6 Industrial Applications

KG can be greatly leveraged in industrial applications where there is a large amount of data containing numerous entities and relationships. Some of the general use cases that KG can serve are Question-Answering (QA) system, recommendation systems, fraud detection. Specifically in the SDLC, some of the applications where a KG can be efficiently used are test case generation, requirement analysis, bug prediction and localization. Since every industrial application goes through a rigorous testing cycle, we have developed an automatic test case generation system called Requirement to Test Case (Req2Test) to overcome the existing test development challenges (Figs. 4 and 5) that leverages a KG to capture domain knowledge (Fig. 4).

Fig. 4
figure 4

Current test development challenges

Fig. 5
figure 5

KG-based Req2Test

The first step in generating test cases is to extract the test intent from the requirement statement. The test intent describes three fundamental components required to create a test case:

  1. (i)

    Pre-conditions: These are all the conditions required to be satisfied before an Action or Post-condition of the requirement statement can be achieved.

  2. (ii)

    Actions: These are all the actions that are performed once the Pre-conditions have been satisfied.

  3. (iii)

    Post-conditions: These are all the conditions that are observed after the Pre-conditions and Actions have been satisfied.

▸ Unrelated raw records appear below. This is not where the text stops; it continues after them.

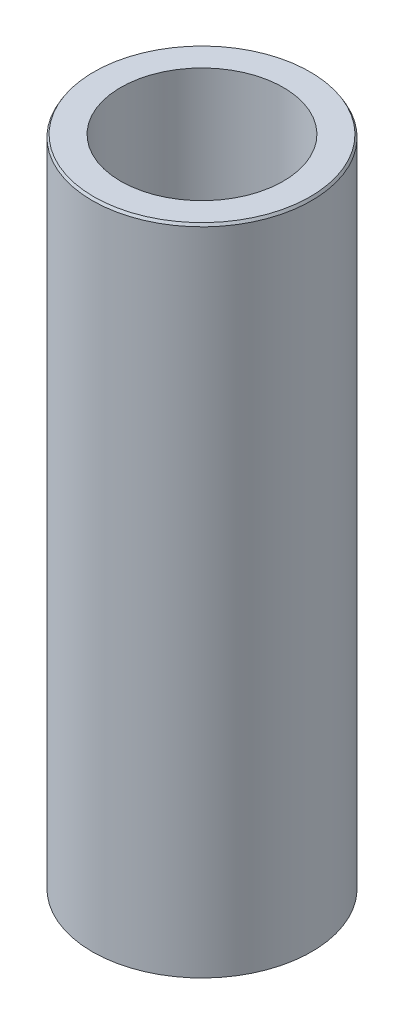
from build123d import *
from OCP.BRepFilletAPI import BRepFilletAPI_MakeChamfer

# Parameters (mm, degrees)
SKETCH1_R           = 40
BOSS_EXTRUDE1_DEPTH = 238.74899406
SKETCH2_R           = 29.651695758
CUT_EXTRUDE1_DEPTH  = 246.359088205
CHAMFER1_SIZE       = 0.947132745
CHAMFER1_SIZE2      = 0.546827345


with BuildPart() as part:
    # Sketch1 → Boss-Extrude1 (new body)
    with BuildSketch(Plane(origin=(0, 0, 0), x_dir=(1, 0, 0), z_dir=(0, 1, 0))):
        Circle(SKETCH1_R)
    extrude(amount=BOSS_EXTRUDE1_DEPTH)

    # Sketch2 → Cut-Extrude1 (cut, through all)
    with BuildSketch(Plane(origin=(0, 0, 0), x_dir=(1, 0, 0), z_dir=(0, 1, 0))):
        Circle(SKETCH2_R)
    extrude(amount=CUT_EXTRUDE1_DEPTH, mode=Mode.SUBTRACT)

    # Chamfer1: one chamfer whose edges measure the first distance from different faces: ONE call of the kernel's chamfer builder (chamfer() names one face for all edges)
    chamfer1_edges_1 = [part.edges().sort_by_distance(p)[0] for p in [
        (-40, 238.74899406, 0),
    ]]
    chamfer1_side_1 = [part.faces().sort_by_distance(p)[0] for p in [
        (-40, 119.37449703, 0),
    ]]
    chamfer1_edges_2 = [part.edges().sort_by_distance(p)[0] for p in [
        (-40, 0, 0),
    ]]
    chamfer1_side_2 = [part.faces().sort_by_distance(p)[0] for p in [
        (-38.86862915, 0, 0),
    ]]
    chamfer1 = BRepFilletAPI_MakeChamfer(part.part.solid().wrapped)
    for e in chamfer1_edges_1:
        chamfer1.Add(CHAMFER1_SIZE, CHAMFER1_SIZE2, e.wrapped, chamfer1_side_1[0].wrapped)  # the first distance lies on this face
    for e in chamfer1_edges_2:
        chamfer1.Add(CHAMFER1_SIZE, CHAMFER1_SIZE2, e.wrapped, chamfer1_side_2[0].wrapped)  # the first distance lies on this face
    add(Compound.cast(chamfer1.Shape()), mode=Mode.REPLACE)


solid = part.part
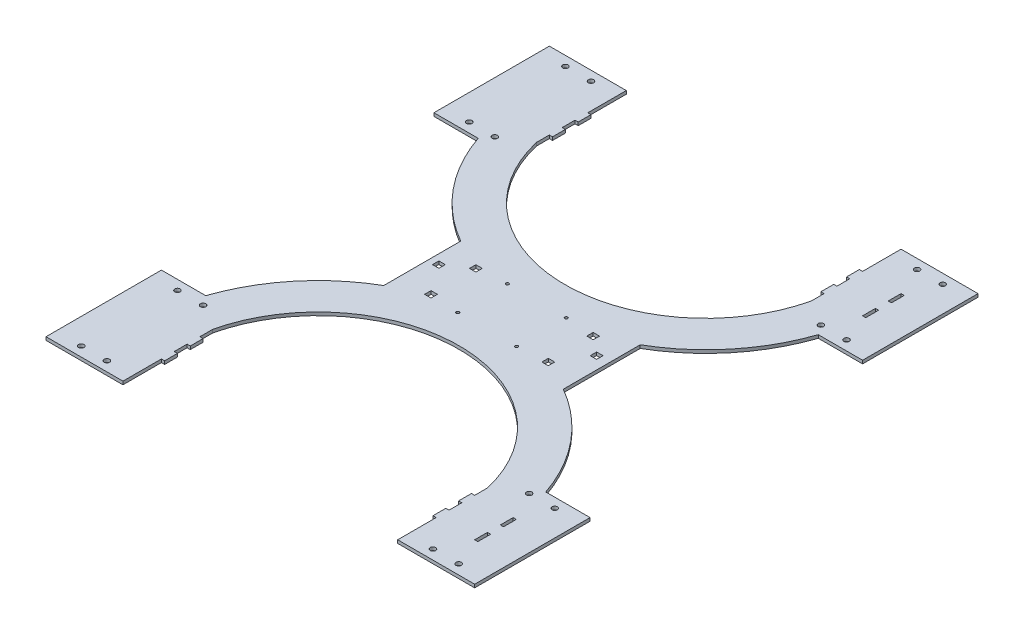
from build123d import *

# Parameters (mm, degrees)
SKETCH1_R           = 2.667
SKETCH1_R_2         = 1.4605
SKETCH1_W           = 3.175
SKETCH1_H           = 12.7
SKETCH1_W_2         = 6.35
SKETCH1_H_2         = 6.35
BOSS_EXTRUDE1_DEPTH = 3.175


with BuildPart() as part:
    # Sketch1 → Boss-Extrude1 (new body)
    with BuildSketch(Plane(origin=(0, 0, 0), x_dir=(1, 0, 0), z_dir=(0, 1, 0))):
        with BuildLine():
            Line((-136.044211564, 57.15), (-212.244211564, 57.15))
            Line((-212.244211564, 57.15), (-212.244211564, -57.15))
            Line((-212.244211564, -57.15), (-168.364834511, -57.15))
            ThreePointArc((-168.364834511, -57.15), (-137.441907425, -112.794335334), (-88.9, -153.979316793))
            Line((-88.9, -153.979316793), (-88.9, -230.179316793))
            ThreePointArc((-88.9, -230.179316793), (-137.441907425, -271.364298252), (-168.364834511, -327.008633586))
            Line((-168.364834511, -327.008633586), (-212.244211564, -327.008633586))
            Line((-212.244211564, -327.008633586), (-212.244211564, -441.308633586))
            Line((-212.244211564, -441.308633586), (-136.044211564, -441.308633586))
            Line((-136.044211564, -441.308633586), (-136.044211564, -403.208633586))
            Line((-136.044211564, -403.208633586), (-132.869211564, -403.208633586))
            Line((-132.869211564, -403.208633586), (-132.869211564, -390.508633586))
            Line((-132.869211564, -390.508633586), (-136.044211564, -390.508633586))
            Line((-136.044211564, -390.508633586), (-136.044211564, -377.808633586))
            Line((-136.044211564, -377.808633586), (-132.869211564, -377.808633586))
            Line((-132.869211564, -377.808633586), (-132.869211564, -365.108633586))
            Line((-132.869211564, -365.108633586), (-136.044211564, -365.108633586))
            Line((-136.044211564, -365.108633586), (-136.044211564, -352.408633586))
            ThreePointArc((-136.044211564, -352.408633586), (0, -244.458633586), (136.044211564, -352.408633586))
            Line((136.044211564, -352.408633586), (136.044211564, -365.108633586))
            Line((136.044211564, -365.108633586), (132.869211564, -365.108633586))
            Line((132.869211564, -365.108633586), (132.869211564, -377.808633586))
            Line((132.869211564, -377.808633586), (136.044211564, -377.808633586))
            Line((136.044211564, -377.808633586), (136.044211564, -390.508633586))
            Line((136.044211564, -390.508633586), (132.869211564, -390.508633586))
            Line((132.869211564, -390.508633586), (132.869211564, -403.208633586))
            Line((132.869211564, -403.208633586), (136.044211564, -403.208633586))
            Line((136.044211564, -403.208633586), (136.044211564, -441.308633586))
            Line((136.044211564, -441.308633586), (212.244211564, -441.308633586))
            Line((212.244211564, -441.308633586), (212.244211564, -327.008633586))
            Line((212.244211564, -327.008633586), (168.364834511, -327.008633586))
            ThreePointArc((168.364834511, -327.008633586), (137.441907425, -271.364298252), (88.9, -230.179316793))
            Line((88.9, -230.179316793), (88.9, -153.979316793))
            ThreePointArc((88.9, -153.979316793), (137.441907425, -112.794335334), (168.364834511, -57.15))
            Line((168.364834511, -57.15), (212.244211564, -57.15))
            Line((212.244211564, -57.15), (212.244211564, 57.15))
            Line((212.244211564, 57.15), (136.044211564, 57.15))
            Line((136.044211564, 57.15), (136.044211564, 19.05))
            Line((136.044211564, 19.05), (132.869211564, 19.05))
            Line((132.869211564, 19.05), (132.869211564, 6.35))
            Line((132.869211564, 6.35), (136.044211564, 6.35))
            Line((136.044211564, 6.35), (136.044211564, -6.35))
            Line((136.044211564, -6.35), (132.869211564, -6.35))
            Line((132.869211564, -6.35), (132.869211564, -19.05))
            Line((132.869211564, -19.05), (136.044211564, -19.05))
            Line((136.044211564, -19.05), (136.044211564, -31.75))
            ThreePointArc((136.044211564, -31.75), (0, -139.7), (-136.044211564, -31.75))
            Line((-136.044211564, -31.75), (-136.044211564, -19.05))
            Line((-136.044211564, -19.05), (-132.869211564, -19.05))
            Line((-132.869211564, -19.05), (-132.869211564, -6.35))
            Line((-132.869211564, -6.35), (-136.044211564, -6.35))
            Line((-136.044211564, -6.35), (-136.044211564, 6.35))
            Line((-136.044211564, 6.35), (-132.869211564, 6.35))
            Line((-132.869211564, 6.35), (-132.869211564, 19.05))
            Line((-132.869211564, 19.05), (-136.044211564, 19.05))
            Line((-136.044211564, 19.05), (-136.044211564, 57.15))
        make_face()
        with Locations((186.844211564, 47.625)):
            Circle(SKETCH1_R, mode=Mode.SUBTRACT)
        with Locations((161.444211564, 47.625)):
            Circle(SKETCH1_R, mode=Mode.SUBTRACT)
        with Locations((186.844211564, -47.625)):
            Circle(SKETCH1_R, mode=Mode.SUBTRACT)
        with Locations((161.444211564, -47.625)):
            Circle(SKETCH1_R, mode=Mode.SUBTRACT)
        with Locations((161.444211564, -336.533633586)):
            Circle(SKETCH1_R, mode=Mode.SUBTRACT)
        with Locations((186.844211564, -336.533633586)):
            Circle(SKETCH1_R, mode=Mode.SUBTRACT)
        with Locations((186.844211564, -431.783633586)):
            Circle(SKETCH1_R, mode=Mode.SUBTRACT)
        with Locations((161.444211564, -431.783633586)):
            Circle(SKETCH1_R, mode=Mode.SUBTRACT)
        with Locations((-186.844211564, 47.625)):
            Circle(SKETCH1_R, mode=Mode.SUBTRACT)
        with Locations((-161.444211564, 47.625)):
            Circle(SKETCH1_R, mode=Mode.SUBTRACT)
        with Locations((-186.844211564, -47.625)):
            Circle(SKETCH1_R, mode=Mode.SUBTRACT)
        with Locations((-161.444211564, -47.625)):
            Circle(SKETCH1_R, mode=Mode.SUBTRACT)
        with Locations((-186.844211564, -336.533633586)):
            Circle(SKETCH1_R, mode=Mode.SUBTRACT)
        with Locations((-161.444211564, -336.533633586)):
            Circle(SKETCH1_R, mode=Mode.SUBTRACT)
        with Locations((-161.444211564, -431.783633586)):
            Circle(SKETCH1_R, mode=Mode.SUBTRACT)
        with Locations((-186.844211564, -431.783633586)):
            Circle(SKETCH1_R, mode=Mode.SUBTRACT)
        with Locations((-29.1465, -167.504816793)):
            Circle(SKETCH1_R_2, mode=Mode.SUBTRACT)
        with Locations((29.1465, -167.504816793)):
            Circle(SKETCH1_R_2, mode=Mode.SUBTRACT)
        with Locations((29.1465, -216.653816793)):
            Circle(SKETCH1_R_2, mode=Mode.SUBTRACT)
        with Locations((-29.1465, -216.653816793)):
            Circle(SKETCH1_R_2, mode=Mode.SUBTRACT)
        with Locations((175.731711564, 12.7)):
            Rectangle(SKETCH1_W, SKETCH1_H, mode=Mode.SUBTRACT)
        with Locations((175.731711564, -12.7)):
            Rectangle(SKETCH1_W, SKETCH1_H, mode=Mode.SUBTRACT)
        with Locations((175.731711564, -371.458633586)):
            Rectangle(SKETCH1_W, SKETCH1_H, mode=Mode.SUBTRACT)
        with Locations((175.731711564, -396.858633586)):
            Rectangle(SKETCH1_W, SKETCH1_H, mode=Mode.SUBTRACT)
        with Locations((-57.967888458, -169.854316793)):
            Rectangle(SKETCH1_W_2, SKETCH1_H_2, mode=Mode.SUBTRACT)
        with Locations((58.146374289, -169.854316793)):
            Rectangle(SKETCH1_W_2, SKETCH1_H_2, mode=Mode.SUBTRACT)
        with Locations((58.146374289, -214.304316793)):
            Rectangle(SKETCH1_W_2, SKETCH1_H_2, mode=Mode.SUBTRACT)
        with Locations((-57.967888458, -214.304316793)):
            Rectangle(SKETCH1_W_2, SKETCH1_H_2, mode=Mode.SUBTRACT)
        with Locations((76.650413974, -184.922154907)):
            Rectangle(SKETCH1_W_2, SKETCH1_H_2, mode=Mode.SUBTRACT)
        with Locations((-79.559586026, -184.922154907)):
            Rectangle(SKETCH1_W_2, SKETCH1_H_2, mode=Mode.SUBTRACT)
    extrude(amount=BOSS_EXTRUDE1_DEPTH)


solid = part.part

For example, consider the requirement statement: If SignalA is on and ButtonA is pressed, then SignalB is on. The testable intent will be: Pre-conditions: SignalA is on, Actions: ButtonA is pressed, Post-conditions: SignalB is on.

The Req2Test pipeline (Fig. 6) consists of two phases: Phase 1 deals with generating the KG from the text corpus available. Phase 2 deals with processing the requirement statements, extraction of test intent and querying the KG to generate the test case.

Fig. 6
figure 6

KG pipeline for automatic generation of test cases

6.1 Phase 1—KG Creation

The information extraction tool consists of the CPT algorithm discussed above, HOCRF with automatic feature engineering-based NER model and Fasttext vector embedding [24]. The CPT algorithm is executed on the text corpus to represent the entire domain with respect to the ontology (Fig. 7). NER is performed to check if any of the Pre-conditions or Post-conditions are actually Actions. If so, these nodes are assigned to Action only entity. Sentence vector embedding is used to map text found in the requirement statements to the nodes found in the KG, as usually there is a variation in the descriptions found in the requirements and that of the KG. The KG (Fig. 8) is stored in a Neo4j graph database and queried using CYPHER language.

Fig. 7
figure 7

KG ontology for Req2Test

Fig. 8
figure 8

Sample KG for Req2Test in Neo4j Database

6.2 Phase 2—KG Based Req2Test Application

This phase uses the information extraction tool to extract the test intent from the requirement statements. Once the test intent is found, the corresponding nodes are queried in the KG. Since usually the requirements do not mention all the test case conditions, these missing conditions are grabbed from the KG.

7 Summary

Knowledge graph is a powerful tool that can be used to efficiently represent complex systems. While the existing KG has leveraged primarily structured data, new techniques need to be developed in NER and RE to handle semi-structured and unstructured data. The current NER and RE algorithms have challenges when applied to industrial domain applications. We have proposed two algorithms, namely Higher-Order CRF with automatic feature engineering and AugmentedIE, that tackle challenges in off-the-shelf NER and RE models, respectively. There are several deep learning approaches which can be applied to potentially improve the performance of NER and RE models. For example, recent works have proposed leveraging transfer learning, where a pre-trained neural network is used as a starting point and fine-tuned with the less amount of labeled data in the target domain. Another recent advancement in NLP uses attention models to improve the performance of NER and RE models. Attention models can remember long-term dependencies in text and use that to make better prediction on tasks.